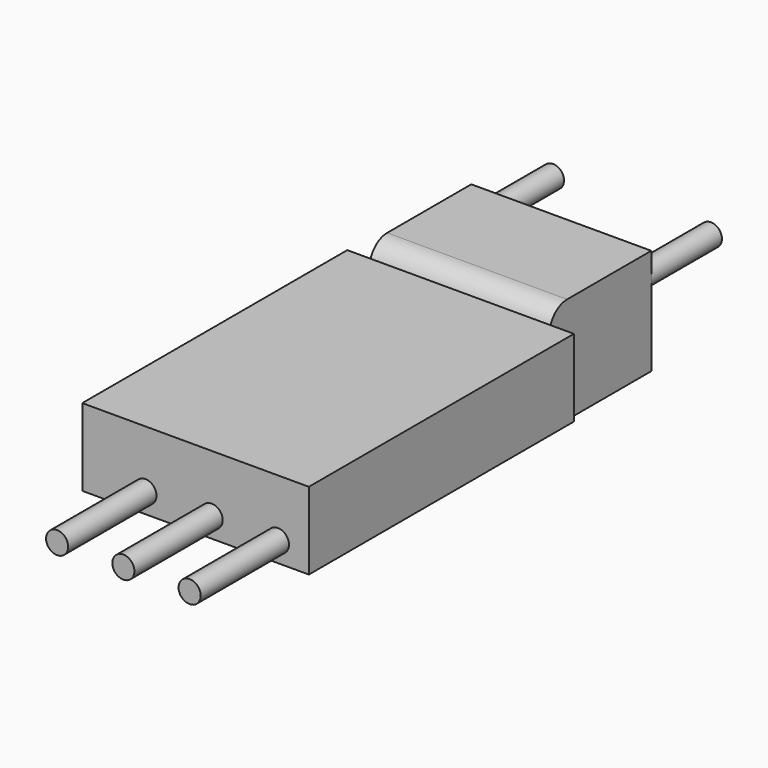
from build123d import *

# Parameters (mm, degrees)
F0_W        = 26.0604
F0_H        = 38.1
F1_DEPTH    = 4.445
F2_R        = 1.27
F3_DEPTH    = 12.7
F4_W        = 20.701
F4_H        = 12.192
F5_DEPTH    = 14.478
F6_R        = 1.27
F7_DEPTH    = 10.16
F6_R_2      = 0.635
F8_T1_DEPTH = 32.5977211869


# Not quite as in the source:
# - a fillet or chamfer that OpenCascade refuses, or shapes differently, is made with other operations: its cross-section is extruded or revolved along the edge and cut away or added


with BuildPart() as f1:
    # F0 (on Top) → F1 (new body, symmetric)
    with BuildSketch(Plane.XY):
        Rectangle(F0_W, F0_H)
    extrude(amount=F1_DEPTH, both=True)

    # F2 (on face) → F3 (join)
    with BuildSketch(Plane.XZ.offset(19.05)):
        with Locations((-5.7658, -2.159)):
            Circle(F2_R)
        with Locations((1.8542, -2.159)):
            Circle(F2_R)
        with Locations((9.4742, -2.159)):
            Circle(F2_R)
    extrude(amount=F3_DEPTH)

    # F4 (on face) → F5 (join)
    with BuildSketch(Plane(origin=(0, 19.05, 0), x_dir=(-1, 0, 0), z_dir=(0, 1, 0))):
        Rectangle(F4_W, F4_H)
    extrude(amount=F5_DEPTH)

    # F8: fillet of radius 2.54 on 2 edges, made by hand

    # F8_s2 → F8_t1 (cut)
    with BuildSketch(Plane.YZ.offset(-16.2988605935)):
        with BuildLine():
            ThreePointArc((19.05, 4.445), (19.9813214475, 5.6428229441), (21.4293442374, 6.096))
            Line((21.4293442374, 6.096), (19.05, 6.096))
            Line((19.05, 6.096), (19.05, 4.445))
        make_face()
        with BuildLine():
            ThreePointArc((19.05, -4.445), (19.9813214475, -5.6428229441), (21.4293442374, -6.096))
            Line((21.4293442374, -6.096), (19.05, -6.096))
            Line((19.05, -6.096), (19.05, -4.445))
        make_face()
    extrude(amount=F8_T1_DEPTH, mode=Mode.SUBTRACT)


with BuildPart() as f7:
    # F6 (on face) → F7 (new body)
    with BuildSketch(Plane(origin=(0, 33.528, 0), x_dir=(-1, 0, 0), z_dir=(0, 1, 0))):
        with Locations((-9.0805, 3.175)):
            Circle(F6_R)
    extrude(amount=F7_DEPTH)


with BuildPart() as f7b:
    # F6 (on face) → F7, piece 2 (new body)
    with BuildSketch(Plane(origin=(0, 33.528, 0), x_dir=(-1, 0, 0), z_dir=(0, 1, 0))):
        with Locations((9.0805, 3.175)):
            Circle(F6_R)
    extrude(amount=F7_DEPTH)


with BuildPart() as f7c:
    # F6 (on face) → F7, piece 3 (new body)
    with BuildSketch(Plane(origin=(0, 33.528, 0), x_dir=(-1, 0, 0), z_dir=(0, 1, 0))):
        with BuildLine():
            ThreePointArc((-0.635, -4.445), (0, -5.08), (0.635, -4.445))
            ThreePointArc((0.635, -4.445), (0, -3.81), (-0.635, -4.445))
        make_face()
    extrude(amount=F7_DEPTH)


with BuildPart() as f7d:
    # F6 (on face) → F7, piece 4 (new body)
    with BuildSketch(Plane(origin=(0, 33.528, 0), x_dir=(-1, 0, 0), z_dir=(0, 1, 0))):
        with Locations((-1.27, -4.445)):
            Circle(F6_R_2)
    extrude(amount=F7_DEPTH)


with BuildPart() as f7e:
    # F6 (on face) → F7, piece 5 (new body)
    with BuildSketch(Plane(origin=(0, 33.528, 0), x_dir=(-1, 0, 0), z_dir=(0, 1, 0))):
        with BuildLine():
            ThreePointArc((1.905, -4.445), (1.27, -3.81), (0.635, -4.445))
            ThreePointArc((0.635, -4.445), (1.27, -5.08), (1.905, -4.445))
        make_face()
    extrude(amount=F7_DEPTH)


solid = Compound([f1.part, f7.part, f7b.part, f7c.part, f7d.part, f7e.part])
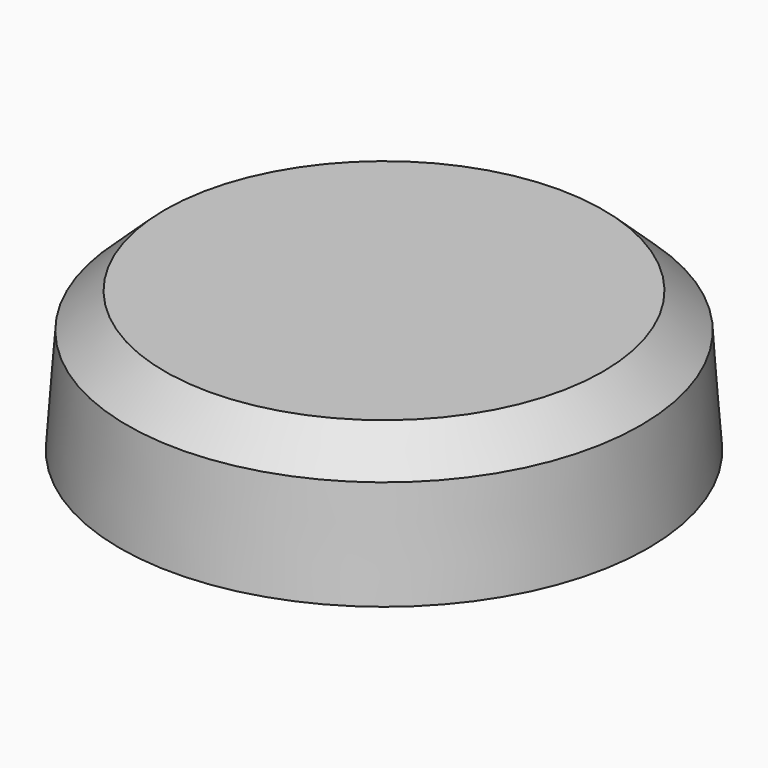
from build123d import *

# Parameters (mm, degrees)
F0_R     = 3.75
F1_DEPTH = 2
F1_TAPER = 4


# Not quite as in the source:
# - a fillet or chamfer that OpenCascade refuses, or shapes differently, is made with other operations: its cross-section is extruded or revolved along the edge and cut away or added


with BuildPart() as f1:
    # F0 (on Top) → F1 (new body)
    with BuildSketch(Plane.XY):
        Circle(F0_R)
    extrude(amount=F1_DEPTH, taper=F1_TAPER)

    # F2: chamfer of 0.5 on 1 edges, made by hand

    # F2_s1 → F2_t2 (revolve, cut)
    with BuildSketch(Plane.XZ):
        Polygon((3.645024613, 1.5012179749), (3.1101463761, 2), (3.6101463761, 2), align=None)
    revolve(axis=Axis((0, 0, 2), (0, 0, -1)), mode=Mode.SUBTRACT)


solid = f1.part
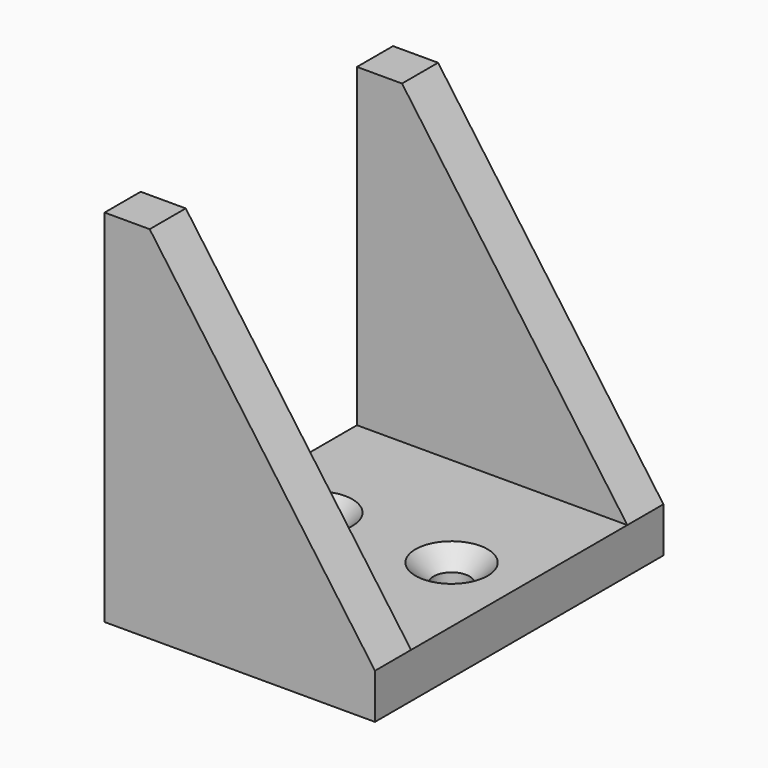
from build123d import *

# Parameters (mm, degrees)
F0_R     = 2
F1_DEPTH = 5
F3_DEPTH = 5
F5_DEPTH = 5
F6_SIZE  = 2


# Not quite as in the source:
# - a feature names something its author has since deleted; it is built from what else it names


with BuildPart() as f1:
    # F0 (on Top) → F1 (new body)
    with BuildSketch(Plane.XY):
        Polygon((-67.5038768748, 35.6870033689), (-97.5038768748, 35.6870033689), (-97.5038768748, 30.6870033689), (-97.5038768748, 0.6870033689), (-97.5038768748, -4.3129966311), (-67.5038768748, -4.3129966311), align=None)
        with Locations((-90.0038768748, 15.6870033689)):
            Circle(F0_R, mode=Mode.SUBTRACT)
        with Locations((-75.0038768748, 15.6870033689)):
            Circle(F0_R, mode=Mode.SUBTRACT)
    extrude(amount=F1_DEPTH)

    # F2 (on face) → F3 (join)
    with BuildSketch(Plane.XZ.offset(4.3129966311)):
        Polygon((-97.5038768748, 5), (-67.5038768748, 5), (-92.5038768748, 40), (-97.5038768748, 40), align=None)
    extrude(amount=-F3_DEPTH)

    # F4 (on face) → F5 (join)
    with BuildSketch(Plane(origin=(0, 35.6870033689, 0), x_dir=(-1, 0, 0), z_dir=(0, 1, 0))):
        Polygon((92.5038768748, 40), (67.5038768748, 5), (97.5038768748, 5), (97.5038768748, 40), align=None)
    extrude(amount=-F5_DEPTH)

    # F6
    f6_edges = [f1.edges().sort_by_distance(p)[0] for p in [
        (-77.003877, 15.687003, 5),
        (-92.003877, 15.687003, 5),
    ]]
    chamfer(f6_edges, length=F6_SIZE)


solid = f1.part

WORK INSTRUCTIONS: Find the lines above that hold "SUBTRACT", then copy each of them.

EXPECTED ANSWER:
    extrude(amount=F8_T1_DEPTH, mode=Mode.SUBTRACT)
    revolve(axis=Axis((0, 0, 2), (0, 0, -1)), mode=Mode.SUBTRACT)
            Circle(F0_R, mode=Mode.SUBTRACT)
            Circle(F0_R, mode=Mode.SUBTRACT)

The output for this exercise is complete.